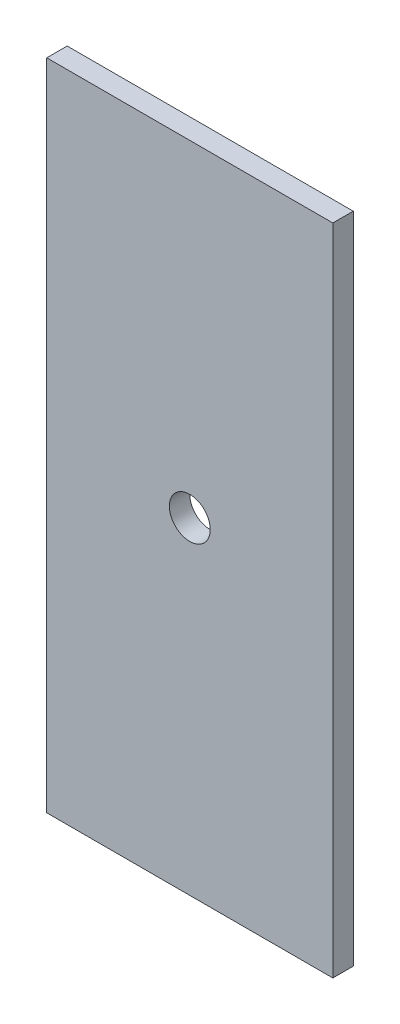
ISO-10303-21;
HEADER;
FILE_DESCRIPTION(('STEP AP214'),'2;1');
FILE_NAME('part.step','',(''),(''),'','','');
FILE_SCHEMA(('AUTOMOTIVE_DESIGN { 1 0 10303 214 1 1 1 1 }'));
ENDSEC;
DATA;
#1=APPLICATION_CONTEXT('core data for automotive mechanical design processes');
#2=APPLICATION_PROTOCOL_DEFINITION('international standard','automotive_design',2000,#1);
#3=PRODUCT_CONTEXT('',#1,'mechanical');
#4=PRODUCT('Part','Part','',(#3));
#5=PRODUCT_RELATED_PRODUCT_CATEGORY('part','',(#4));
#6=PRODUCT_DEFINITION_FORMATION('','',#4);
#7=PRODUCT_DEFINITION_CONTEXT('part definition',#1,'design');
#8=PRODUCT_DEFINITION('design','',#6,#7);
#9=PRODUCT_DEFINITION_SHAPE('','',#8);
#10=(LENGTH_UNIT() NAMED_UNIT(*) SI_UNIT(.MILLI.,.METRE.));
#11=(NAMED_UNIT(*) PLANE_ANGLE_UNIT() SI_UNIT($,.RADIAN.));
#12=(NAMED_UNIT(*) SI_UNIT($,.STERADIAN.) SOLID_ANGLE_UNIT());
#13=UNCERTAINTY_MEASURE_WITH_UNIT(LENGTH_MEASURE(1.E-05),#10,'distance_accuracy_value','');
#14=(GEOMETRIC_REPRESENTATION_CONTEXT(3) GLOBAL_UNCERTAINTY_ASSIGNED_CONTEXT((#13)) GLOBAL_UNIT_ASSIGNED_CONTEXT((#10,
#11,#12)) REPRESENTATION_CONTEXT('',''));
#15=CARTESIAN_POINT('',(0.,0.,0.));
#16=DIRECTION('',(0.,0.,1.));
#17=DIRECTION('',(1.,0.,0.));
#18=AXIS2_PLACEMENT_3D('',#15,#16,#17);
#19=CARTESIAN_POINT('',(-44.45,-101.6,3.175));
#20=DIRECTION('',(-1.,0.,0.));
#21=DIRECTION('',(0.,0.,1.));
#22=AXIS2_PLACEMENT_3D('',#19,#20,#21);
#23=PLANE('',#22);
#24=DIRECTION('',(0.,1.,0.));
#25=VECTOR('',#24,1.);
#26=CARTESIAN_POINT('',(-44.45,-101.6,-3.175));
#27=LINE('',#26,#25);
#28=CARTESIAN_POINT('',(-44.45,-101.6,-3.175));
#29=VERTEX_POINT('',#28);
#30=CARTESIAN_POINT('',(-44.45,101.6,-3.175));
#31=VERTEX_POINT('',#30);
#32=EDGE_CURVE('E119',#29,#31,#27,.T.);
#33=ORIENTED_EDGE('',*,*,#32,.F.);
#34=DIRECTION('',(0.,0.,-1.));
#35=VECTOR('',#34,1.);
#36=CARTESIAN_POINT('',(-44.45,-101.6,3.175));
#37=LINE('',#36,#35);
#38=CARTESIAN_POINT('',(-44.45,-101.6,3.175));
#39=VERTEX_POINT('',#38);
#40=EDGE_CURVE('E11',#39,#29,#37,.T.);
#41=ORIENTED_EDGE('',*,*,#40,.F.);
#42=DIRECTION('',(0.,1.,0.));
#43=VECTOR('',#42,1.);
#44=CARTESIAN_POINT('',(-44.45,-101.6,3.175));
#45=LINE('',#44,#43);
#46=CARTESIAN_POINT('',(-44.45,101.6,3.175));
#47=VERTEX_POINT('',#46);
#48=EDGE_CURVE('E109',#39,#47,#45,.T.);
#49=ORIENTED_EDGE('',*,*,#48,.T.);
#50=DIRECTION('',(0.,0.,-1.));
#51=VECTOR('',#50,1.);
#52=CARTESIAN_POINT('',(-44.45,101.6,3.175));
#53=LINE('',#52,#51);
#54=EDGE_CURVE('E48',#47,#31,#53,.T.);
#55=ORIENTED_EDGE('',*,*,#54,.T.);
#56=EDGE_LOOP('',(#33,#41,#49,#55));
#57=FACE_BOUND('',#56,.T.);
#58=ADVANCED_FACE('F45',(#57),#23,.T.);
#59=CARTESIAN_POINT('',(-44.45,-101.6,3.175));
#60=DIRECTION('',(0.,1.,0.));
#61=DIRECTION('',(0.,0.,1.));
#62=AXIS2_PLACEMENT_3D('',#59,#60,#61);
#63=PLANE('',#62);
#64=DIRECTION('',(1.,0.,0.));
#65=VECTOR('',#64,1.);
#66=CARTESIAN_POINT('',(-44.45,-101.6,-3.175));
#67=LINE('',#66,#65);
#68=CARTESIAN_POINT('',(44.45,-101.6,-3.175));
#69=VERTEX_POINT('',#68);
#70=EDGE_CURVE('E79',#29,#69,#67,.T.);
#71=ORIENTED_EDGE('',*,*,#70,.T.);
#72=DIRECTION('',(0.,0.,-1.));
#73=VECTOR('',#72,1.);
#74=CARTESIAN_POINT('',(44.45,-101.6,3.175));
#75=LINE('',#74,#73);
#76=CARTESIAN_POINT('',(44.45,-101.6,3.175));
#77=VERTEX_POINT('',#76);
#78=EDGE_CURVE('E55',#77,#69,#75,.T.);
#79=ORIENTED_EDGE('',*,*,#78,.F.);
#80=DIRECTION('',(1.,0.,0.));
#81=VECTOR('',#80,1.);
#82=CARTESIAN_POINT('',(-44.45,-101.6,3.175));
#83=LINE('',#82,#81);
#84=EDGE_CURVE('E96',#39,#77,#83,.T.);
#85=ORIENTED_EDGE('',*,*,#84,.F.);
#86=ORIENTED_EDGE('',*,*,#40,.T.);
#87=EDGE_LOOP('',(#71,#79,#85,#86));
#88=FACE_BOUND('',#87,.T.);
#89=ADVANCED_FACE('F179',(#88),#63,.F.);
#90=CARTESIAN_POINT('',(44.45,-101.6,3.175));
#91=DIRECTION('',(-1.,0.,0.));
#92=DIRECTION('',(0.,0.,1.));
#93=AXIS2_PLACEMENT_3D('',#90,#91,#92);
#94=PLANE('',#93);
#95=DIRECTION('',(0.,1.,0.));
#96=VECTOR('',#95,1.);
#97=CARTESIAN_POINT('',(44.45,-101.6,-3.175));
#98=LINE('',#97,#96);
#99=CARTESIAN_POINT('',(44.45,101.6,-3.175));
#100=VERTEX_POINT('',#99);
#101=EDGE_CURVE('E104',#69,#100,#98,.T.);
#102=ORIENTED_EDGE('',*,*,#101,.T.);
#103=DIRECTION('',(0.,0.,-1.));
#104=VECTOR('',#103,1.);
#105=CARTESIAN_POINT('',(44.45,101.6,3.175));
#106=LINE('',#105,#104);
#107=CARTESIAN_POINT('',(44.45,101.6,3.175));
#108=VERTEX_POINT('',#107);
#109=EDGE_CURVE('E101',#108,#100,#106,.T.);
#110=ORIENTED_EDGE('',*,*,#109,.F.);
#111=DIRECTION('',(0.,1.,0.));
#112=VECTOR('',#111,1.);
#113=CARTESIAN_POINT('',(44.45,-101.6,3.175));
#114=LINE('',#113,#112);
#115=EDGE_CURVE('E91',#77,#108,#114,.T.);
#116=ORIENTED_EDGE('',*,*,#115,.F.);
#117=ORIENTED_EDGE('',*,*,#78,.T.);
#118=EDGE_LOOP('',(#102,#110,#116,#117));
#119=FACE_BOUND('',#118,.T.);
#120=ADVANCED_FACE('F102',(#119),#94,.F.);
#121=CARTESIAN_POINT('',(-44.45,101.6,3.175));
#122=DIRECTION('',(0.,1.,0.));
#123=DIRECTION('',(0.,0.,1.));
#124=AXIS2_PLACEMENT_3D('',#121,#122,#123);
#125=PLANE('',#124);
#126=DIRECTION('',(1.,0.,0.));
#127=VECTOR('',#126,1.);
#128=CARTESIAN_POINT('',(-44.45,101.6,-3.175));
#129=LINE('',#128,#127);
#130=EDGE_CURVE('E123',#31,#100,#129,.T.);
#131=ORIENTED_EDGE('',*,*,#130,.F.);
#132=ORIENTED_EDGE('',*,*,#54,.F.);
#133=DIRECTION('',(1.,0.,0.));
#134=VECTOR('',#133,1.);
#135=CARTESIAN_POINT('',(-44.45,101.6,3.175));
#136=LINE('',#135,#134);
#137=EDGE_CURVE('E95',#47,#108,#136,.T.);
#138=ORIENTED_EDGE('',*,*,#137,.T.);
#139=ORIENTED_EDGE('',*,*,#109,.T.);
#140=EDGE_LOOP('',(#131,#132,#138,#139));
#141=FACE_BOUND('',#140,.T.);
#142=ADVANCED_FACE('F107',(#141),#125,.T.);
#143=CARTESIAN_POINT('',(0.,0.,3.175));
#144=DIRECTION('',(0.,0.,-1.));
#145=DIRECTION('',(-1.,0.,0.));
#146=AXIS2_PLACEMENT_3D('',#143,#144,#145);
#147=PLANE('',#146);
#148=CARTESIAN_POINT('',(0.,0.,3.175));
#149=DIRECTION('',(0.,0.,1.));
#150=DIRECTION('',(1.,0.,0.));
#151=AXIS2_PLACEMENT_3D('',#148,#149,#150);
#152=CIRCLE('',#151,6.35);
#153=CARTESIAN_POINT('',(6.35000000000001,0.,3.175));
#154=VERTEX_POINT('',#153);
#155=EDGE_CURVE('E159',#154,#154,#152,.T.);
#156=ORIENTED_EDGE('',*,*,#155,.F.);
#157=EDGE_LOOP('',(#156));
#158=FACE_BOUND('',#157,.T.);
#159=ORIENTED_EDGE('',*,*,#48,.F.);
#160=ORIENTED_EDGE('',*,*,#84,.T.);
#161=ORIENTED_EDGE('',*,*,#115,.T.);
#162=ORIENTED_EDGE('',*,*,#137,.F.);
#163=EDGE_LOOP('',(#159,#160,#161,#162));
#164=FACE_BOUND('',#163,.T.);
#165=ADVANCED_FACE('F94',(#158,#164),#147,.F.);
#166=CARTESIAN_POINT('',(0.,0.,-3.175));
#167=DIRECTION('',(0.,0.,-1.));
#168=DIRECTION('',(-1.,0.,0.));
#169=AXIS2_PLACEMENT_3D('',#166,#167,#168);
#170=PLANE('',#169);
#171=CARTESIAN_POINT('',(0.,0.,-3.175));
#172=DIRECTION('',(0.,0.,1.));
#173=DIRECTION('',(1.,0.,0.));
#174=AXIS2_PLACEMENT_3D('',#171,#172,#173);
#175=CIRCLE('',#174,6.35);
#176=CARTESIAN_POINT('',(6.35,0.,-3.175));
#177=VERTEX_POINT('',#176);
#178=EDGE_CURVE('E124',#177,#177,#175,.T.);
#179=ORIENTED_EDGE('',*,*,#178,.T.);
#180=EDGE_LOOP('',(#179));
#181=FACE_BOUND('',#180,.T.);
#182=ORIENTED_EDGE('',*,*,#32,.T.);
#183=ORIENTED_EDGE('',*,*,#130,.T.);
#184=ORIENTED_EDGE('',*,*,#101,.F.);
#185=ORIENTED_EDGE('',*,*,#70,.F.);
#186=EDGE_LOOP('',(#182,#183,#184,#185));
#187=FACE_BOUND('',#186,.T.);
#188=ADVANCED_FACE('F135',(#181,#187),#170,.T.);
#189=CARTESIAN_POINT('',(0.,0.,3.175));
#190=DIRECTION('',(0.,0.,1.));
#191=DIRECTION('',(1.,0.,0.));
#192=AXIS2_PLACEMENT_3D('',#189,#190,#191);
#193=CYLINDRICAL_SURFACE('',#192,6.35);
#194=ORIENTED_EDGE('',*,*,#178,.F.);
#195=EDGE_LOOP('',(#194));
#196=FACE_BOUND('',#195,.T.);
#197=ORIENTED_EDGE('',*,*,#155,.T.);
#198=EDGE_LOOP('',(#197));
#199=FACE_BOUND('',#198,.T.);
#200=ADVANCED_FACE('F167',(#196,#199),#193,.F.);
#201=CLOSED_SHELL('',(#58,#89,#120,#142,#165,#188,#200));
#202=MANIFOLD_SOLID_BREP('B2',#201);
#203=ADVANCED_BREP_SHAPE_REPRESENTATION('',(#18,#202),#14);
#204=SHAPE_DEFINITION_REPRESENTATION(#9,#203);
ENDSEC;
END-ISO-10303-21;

[TO DO] All lines from the one with "#199=FACE_BOUND('',#198,.T.);" to the end of the entries above are to be written out exactly, the first and last included.

[WRITTEN SOLUTION]
#199=FACE_BOUND('',#198,.T.);
#200=ADVANCED_FACE('F167',(#196,#199),#193,.F.);
#201=CLOSED_SHELL('',(#58,#89,#120,#142,#165,#188,#200));
#202=MANIFOLD_SOLID_BREP('B2',#201);
#203=ADVANCED_BREP_SHAPE_REPRESENTATION('',(#18,#202),#14);
#204=SHAPE_DEFINITION_REPRESENTATION(#9,#203);
ENDSEC;
END-ISO-10303-21;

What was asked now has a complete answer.